**Task objective:** Lines from the first one down to the one containing "Scope : Scope" in the data below are the only ones needed; please return them exactly, both ends included.

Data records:
<<<<

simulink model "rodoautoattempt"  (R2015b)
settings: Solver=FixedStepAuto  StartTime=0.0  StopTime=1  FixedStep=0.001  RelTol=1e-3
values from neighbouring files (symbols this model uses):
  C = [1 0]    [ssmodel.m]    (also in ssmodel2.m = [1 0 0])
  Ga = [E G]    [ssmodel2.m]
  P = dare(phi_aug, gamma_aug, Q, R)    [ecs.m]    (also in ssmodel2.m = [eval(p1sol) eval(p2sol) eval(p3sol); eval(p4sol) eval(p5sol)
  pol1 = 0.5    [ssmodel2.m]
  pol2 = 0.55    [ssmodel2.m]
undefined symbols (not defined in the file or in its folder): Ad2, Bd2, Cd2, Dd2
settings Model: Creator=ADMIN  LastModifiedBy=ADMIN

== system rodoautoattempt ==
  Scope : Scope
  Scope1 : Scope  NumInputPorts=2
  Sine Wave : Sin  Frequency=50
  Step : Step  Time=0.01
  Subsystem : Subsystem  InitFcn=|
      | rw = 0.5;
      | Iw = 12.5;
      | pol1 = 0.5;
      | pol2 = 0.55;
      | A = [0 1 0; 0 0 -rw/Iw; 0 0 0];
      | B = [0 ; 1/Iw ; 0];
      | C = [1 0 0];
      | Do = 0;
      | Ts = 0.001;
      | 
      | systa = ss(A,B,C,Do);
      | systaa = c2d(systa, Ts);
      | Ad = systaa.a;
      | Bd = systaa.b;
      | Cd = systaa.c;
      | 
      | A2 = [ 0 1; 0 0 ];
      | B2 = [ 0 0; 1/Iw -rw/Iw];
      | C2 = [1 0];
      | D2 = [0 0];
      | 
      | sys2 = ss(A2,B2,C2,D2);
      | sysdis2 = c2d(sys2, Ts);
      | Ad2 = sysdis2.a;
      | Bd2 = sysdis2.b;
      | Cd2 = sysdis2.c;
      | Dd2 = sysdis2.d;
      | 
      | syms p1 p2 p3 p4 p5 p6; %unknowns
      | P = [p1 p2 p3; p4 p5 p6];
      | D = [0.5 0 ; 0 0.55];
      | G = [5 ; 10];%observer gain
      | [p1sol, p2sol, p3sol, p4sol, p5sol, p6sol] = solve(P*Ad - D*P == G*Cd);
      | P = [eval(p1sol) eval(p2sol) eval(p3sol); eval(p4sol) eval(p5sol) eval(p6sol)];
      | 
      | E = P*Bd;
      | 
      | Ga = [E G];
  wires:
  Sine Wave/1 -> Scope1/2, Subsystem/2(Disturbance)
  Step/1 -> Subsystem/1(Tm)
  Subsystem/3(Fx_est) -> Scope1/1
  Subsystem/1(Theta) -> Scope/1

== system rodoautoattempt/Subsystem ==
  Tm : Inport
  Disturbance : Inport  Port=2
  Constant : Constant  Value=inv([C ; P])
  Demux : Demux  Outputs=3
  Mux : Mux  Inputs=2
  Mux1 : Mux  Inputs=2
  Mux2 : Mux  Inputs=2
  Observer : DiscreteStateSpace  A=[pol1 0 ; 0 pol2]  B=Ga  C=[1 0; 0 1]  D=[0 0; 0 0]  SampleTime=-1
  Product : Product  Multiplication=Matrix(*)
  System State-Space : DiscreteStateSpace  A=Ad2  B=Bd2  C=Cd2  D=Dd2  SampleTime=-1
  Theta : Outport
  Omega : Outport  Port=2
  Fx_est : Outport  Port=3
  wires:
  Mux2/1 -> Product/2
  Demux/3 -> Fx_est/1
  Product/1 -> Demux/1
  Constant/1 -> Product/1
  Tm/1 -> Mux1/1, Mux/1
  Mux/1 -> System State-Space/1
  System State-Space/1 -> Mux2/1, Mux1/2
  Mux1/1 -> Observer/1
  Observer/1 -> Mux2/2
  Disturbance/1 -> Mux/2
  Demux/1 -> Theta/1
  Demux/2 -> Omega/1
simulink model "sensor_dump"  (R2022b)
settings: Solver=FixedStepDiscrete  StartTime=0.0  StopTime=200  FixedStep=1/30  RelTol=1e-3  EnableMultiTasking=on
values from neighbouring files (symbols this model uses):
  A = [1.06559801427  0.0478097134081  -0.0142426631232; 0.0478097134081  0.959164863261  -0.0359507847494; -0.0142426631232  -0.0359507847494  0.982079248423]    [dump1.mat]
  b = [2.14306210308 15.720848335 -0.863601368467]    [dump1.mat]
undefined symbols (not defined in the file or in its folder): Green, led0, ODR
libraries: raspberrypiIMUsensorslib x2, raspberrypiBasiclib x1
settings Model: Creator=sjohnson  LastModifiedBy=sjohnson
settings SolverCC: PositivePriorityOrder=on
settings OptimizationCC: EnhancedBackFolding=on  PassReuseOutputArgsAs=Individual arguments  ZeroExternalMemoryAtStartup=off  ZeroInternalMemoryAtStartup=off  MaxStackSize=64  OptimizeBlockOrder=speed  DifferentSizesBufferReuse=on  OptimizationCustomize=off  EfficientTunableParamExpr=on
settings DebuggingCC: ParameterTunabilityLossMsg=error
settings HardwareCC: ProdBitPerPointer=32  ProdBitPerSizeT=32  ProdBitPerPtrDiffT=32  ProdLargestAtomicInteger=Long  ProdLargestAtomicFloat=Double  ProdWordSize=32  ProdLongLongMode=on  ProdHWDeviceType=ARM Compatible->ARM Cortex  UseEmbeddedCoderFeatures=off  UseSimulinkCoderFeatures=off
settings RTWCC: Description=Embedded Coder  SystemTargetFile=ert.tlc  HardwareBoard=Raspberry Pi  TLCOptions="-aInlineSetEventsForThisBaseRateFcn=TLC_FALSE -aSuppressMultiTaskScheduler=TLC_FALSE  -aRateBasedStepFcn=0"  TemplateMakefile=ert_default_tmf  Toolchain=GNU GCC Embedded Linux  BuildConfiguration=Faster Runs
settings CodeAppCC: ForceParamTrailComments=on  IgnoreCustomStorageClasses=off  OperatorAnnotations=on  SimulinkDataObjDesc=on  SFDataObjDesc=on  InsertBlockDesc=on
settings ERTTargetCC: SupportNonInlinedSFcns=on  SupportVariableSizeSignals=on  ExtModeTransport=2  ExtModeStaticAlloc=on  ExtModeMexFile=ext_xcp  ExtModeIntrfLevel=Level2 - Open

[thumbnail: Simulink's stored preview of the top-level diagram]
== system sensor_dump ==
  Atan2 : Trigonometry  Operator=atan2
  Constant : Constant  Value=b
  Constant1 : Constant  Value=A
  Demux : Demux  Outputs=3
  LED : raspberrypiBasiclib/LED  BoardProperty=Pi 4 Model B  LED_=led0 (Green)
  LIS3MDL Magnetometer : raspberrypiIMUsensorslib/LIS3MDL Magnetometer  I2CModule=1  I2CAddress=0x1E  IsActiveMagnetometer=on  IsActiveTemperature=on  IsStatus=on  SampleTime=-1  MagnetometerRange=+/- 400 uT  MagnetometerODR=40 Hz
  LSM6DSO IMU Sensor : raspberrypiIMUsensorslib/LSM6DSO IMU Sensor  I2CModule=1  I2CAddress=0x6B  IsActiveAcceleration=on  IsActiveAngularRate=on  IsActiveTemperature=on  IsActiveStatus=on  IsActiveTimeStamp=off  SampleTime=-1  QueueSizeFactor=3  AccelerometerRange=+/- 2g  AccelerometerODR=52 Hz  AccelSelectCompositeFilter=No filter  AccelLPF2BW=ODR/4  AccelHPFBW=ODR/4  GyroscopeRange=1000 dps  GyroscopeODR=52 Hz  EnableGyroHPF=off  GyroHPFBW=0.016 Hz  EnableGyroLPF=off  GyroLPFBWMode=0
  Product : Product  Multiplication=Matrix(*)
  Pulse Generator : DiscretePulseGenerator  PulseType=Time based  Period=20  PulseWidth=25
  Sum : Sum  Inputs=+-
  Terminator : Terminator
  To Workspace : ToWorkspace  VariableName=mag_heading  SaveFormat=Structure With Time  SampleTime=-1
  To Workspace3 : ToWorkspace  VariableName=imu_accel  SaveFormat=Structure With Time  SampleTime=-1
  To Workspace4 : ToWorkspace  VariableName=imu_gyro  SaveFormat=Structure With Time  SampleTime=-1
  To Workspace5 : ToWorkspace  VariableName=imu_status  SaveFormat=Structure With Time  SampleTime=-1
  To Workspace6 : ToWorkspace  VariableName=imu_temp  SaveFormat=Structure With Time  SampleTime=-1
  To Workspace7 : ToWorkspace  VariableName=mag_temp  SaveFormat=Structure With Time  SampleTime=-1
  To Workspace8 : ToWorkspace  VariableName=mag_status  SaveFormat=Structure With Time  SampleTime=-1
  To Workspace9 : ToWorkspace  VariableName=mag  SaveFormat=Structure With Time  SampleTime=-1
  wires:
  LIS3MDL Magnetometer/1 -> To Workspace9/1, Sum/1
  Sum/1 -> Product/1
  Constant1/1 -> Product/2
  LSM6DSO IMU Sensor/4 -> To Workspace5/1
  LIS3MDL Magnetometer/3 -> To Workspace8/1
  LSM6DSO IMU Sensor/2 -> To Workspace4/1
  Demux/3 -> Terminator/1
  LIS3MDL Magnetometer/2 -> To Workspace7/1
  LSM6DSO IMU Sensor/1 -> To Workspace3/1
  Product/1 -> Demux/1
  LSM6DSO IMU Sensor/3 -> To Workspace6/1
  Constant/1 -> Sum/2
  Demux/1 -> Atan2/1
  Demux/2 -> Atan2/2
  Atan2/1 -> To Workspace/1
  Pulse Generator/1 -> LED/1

>>>>

**The completed task:**
simulink model "rodoautoattempt"  (R2015b)
settings: Solver=FixedStepAuto  StartTime=0.0  StopTime=1  FixedStep=0.001  RelTol=1e-3
values from neighbouring files (symbols this model uses):
  C = [1 0]    [ssmodel.m]    (also in ssmodel2.m = [1 0 0])
  Ga = [E G]    [ssmodel2.m]
  P = dare(phi_aug, gamma_aug, Q, R)    [ecs.m]    (also in ssmodel2.m = [eval(p1sol) eval(p2sol) eval(p3sol); eval(p4sol) eval(p5sol)
  pol1 = 0.5    [ssmodel2.m]
  pol2 = 0.55    [ssmodel2.m]
undefined symbols (not defined in the file or in its folder): Ad2, Bd2, Cd2, Dd2
settings Model: Creator=ADMIN  LastModifiedBy=ADMIN

== system rodoautoattempt ==
  Scope : Scope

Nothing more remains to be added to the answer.